The overheated action sequences - there are far too many of them and each one of them drags on way beyond the limits of endurance - are where the makers of the film seem to have sunk all their money. Really dumb! Had they used only a fraction of the budget on developing a worthy tale to hang their action and SFX extravaganza on, they might have avoided such a massive, unmitigated mess.
Prabhas has screen presence all right, but neither his Hindi dialogue delivery nor the motivations that drive the eponymous protagonist are remotely convincing. The female actors in the cast, even the so-called heroine (Shraddha Kapoor), are treated like absolute dirt. Kapoor plays a crime branch cop who, apart from being constantly ridiculed by her boss, is condemned to either being a serial damsel-in-distress or a fair game for the amorous hero who does not need so much as a by-your-leave to treat her like an object that he can play around with.
The gender prejudice on show in Saaho is, in a sense, indirect and, therefore, even more dangerous than misogyny is in films where it is more in your face. There are only two other women in this over-peopled, over-plotted monstrosity - Mandira Bedi as a crime syndicate's legal adviser and Evelyn Sharma (who pops up towards the end of the film in the guise of a police officer in a fictitious city). They are once in a while allowed to go all guns blazing, but eventually it is the men who get to call the shots.
All the other girls seen on the screen, including 'item girl' Jacqueline Fernandez who willy-nilly has to concede to a Bad Boy's demand that she be his "Bad Girl", serve the solitary purpose of putting up a skin show when the fireworks get too heavy-handed.
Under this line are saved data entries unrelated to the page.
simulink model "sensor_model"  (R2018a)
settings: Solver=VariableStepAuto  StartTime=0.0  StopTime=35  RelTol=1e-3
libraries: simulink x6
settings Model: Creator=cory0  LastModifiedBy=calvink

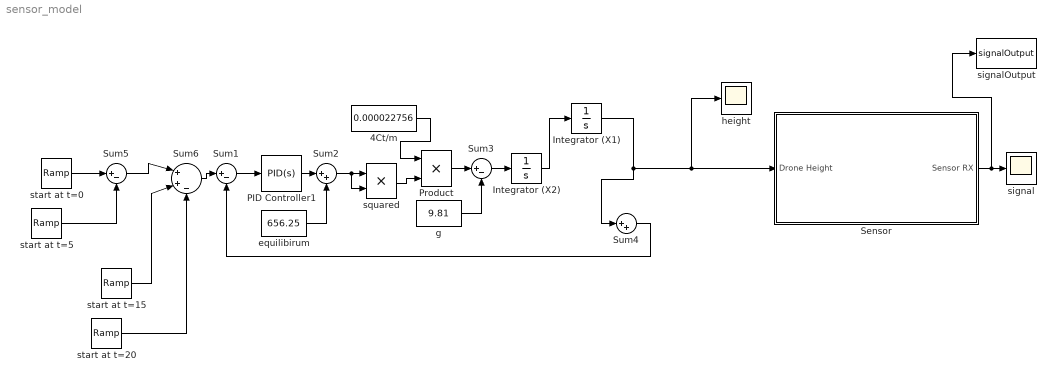
== system sensor_model ==
  4Ct/m : Constant  Value=0.000022756
  Integrator (X1) : Integrator
  Integrator (X2) : Integrator
  PID Controller1 : simulink/Continuous/PID Controller  Controller=PID  TimeDomain=Continuous-time  SampleTime=-1  IntegratorMethod=Forward Euler  FilterMethod=Forward Euler  Form=Parallel  UseFilter=on  ControllerParametersSource=internal  P=12.05  I=0  D=90  N=10  InitialConditionSource=internal  InitialConditionForIntegrator=0  InitialConditionForFilter=0  ExternalReset=none  LimitOutput=off  UpperSaturationLimit=inf  LowerSaturationLimit=-inf  LinearizeAsGain=on  AntiWindupMode=none  Kb=1  TrackingMode=off  Kt=1  PParamMin=[]  PParamMax=[]  IParamMin=[]  IParamMax=[]  DParamMin=[]  DParamMax=[]  NParamMin=[]  NParamMax=[]  KbParamMin=[]  KbParamMax=[]  KtParamMin=[]  KtParamMax=[]  POutMin=[]  POutMax=[]  IOutMin=[]  IOutMax=[]  DOutMin=[]  DOutMax=[]  NOutMin=[]  NOutMax=[]  KbOutMin=[]  KbOutMax=[]  KtOutMin=[]  KtOutMax=[]  IntegratorOutMin=[]  IntegratorOutMax=[]  FilterOutMin=[]  FilterOutMax=[]  SumOutMin=[]  SumOutMax=[]  SumI1OutMin=[]  SumI1OutMax=[]  SumI2OutMin=[]  SumI2OutMax=[]  SumI3OutMin=[]  SumI3OutMax=[]  SumDOutMin=[]  SumDOutMax=[]  SaturationOutMin=[]  SaturationOutMax=[]  IntegratorContinuousStateAttributes=''  IntegratorStateMustResolveToSignalObject=off  IntegratorRTWStateStorageClass=Auto  FilterContinuousStateAttributes=''  FilterStateMustResolveToSignalObject=off  FilterRTWStateStorageClass=Auto  DifferentiatorICPrevScaledInput=0  DifferentiatorOutMin=[]  DifferentiatorOutMax=[]  FilterDiffOutCoefMin=[]  FilterDiffOutCoefMax=[]  SumDenOutMin=[]  SumDenOutMax=[]  SumNumOutMin=[]  SumNumOutMax=[]  ReciprocalOutMin=[]  ReciprocalOutMax=[]  DivideOutMin=[]  DivideOutMax=[]  TunerSelectOption=Transfer Function Based (PID Tuner App)
  Product : Product
  Sensor : Subsystem
  Sum1 : Sum  Inputs=|+-
  Sum2 : Sum  Inputs=|++
  Sum3 : Sum  Inputs=|+-
  Sum4 : Sum  Inputs=|++
  Sum5 : Sum  Inputs=|+-
  Sum6 : Sum  Inputs=|++-
  equilibirum : Constant  Value=656.25
  g : Constant  Value=9.81
  height : Scope
  signal : Scope
  signalOutput : ToFile  Filename=signalOutput  MatrixName=raw
  squared : Product
  start at t=0 : simulink/Sources/Ramp  slope=1  start=0  InitialOutput=0
  start at t=15 : simulink/Sources/Ramp  slope=1  start=15  InitialOutput=0
  start at t=20 : simulink/Sources/Ramp  slope=1  start=20  InitialOutput=0
  start at t=5 : simulink/Sources/Ramp  slope=1  start=5  InitialOutput=0
  wires:
  Sensor/1(Sensor RX) -> signalOutput/1, signal/1
  Integrator (X2)/1 -> Integrator (X1)/1
  4Ct/m/1 -> Product/1
  Product/1 -> Sum3/1
  equilibirum/1 -> Sum2/2
  Sum3/1 -> Integrator (X2)/1
  Sum1/1 -> PID Controller1/1
  Sum2/1 -> squared/2, squared/1
  g/1 -> Sum3/2
  Integrator (X1)/1 -> height/1, Sensor/1(Drone Height), Sum4/1
  squared/1 -> Product/2
  Sum4/1 -> Sum1/2
  PID Controller1/1 -> Sum2/1
  start at t=0/1 -> Sum5/1
  start at t=5/1 -> Sum5/2
  start at t=20/1 -> Sum6/3
  start at t=15/1 -> Sum6/2
  Sum5/1 -> Sum6/1
  Sum6/1 -> Sum1/1

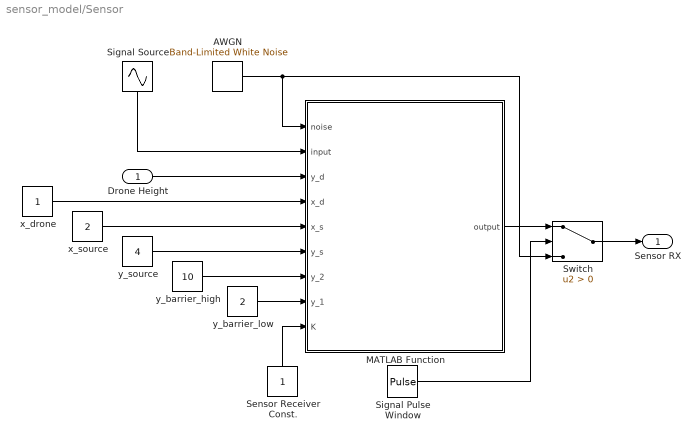
== system sensor_model/Sensor ==
  Drone Height : Inport
  AWGN : simulink/Sources/Band-Limited White Noise  Cov=[0.00001]  Ts=0.0005  seed=[23340]
  MATLAB Function : MATLAB Function  TreatAsAtomicUnit=on
  Sensor Receiver Const. : Constant
  Signal Source : Sin  Amplitude=10  Frequency=6.2831853  SampleTime=0
  Signal Pulse Window : DiscretePulseGenerator  PulseType=Time based  Period=20  PulseWidth=75
  Switch : Switch  Criteria=u2 > Threshold
  x_drone : Constant
  x_source : Constant  Value=2
  y_barrier_high : Constant  Value=10
  y_barrier_low : Constant  Value=2
  y_source : Constant  Value=4
  Sensor RX : Outport
  wires:
  Sensor Receiver Const./1 -> MATLAB Function/9(K)
  Signal Source/1 -> MATLAB Function/2(input)
  Signal Pulse Window/1 -> Switch/2
  y_source/1 -> MATLAB Function/6(y_s)
  y_barrier_low/1 -> MATLAB Function/8(y_1)
  x_drone/1 -> MATLAB Function/4(x_d)
  MATLAB Function/1(output) -> Switch/1
  AWGN/1 -> MATLAB Function/1(noise), Switch/3
  y_barrier_high/1 -> MATLAB Function/7(y_2)
  x_source/1 -> MATLAB Function/5(x_s)
  Drone Height/1 -> MATLAB Function/3(y_d)
  Switch/1 -> Sensor RX/1

== matlab function sensor_model/Sensor/MATLAB Function ==
  data: noise input; input input; y_d input; x_d input; output output; x_s input; y_s input; y_2 input; y_1 input; K input
function output = sensor_filter(noise,input,y_d,x_d,x_s,y_s,y_2,y_1,K)
    
    % Line of Sight Aperture
    c = y_d + (y_s-y_d)*x_d/(x_s+x_d);
    
    % Drone-Sensor Distance
    d = sqrt((x_d+x_s)^2 + (y_d-y_s)^2);
    
    % Sensor Reading
    if (c >= y_1) && (c <= y_2)
        output = sqrt(K)*input/d + noise;
    else
        output = noise;
    end

end

A couple of love songs featuring the action hero and his painfully submissive gal pal are thrown in, but they are completely out of place.
The male-dominated cast has an array of character actors out to out-ham each other: Lal as a crime lord's confidant, Neil Nitin Mukesh as a shadowy gumshoe, Mahesh Manjrekar and Chunky Pandey as two abominable gold diggers, Jackie Shroff as a patriarch who runs the underworld show, Tinnu Anand as an immobilized old man at the mercy of his ruthless son, Arun Vijay as a prodigal who returns to reclaim his empire, Vennela Kishore as a bumbling cop and Prakash Belawadi as the crime branch head. It isn't a heady spectacle watching seasoned actors looking so lost. This is a classic case of one too many making too little sense. The underrated Murali Sharma, who plays a cop with negative shades, is about the only one of the actors who does not get swept away by the din. But the script gives him the short end of the stick.
Saaho may, like so many other shrill, gory actioners of the recent past, end up make pots of money. But that will not take away from the fact that it is egregiously turgid. A Telugu superstar attempting to break into Hindi cinema should have chosen better.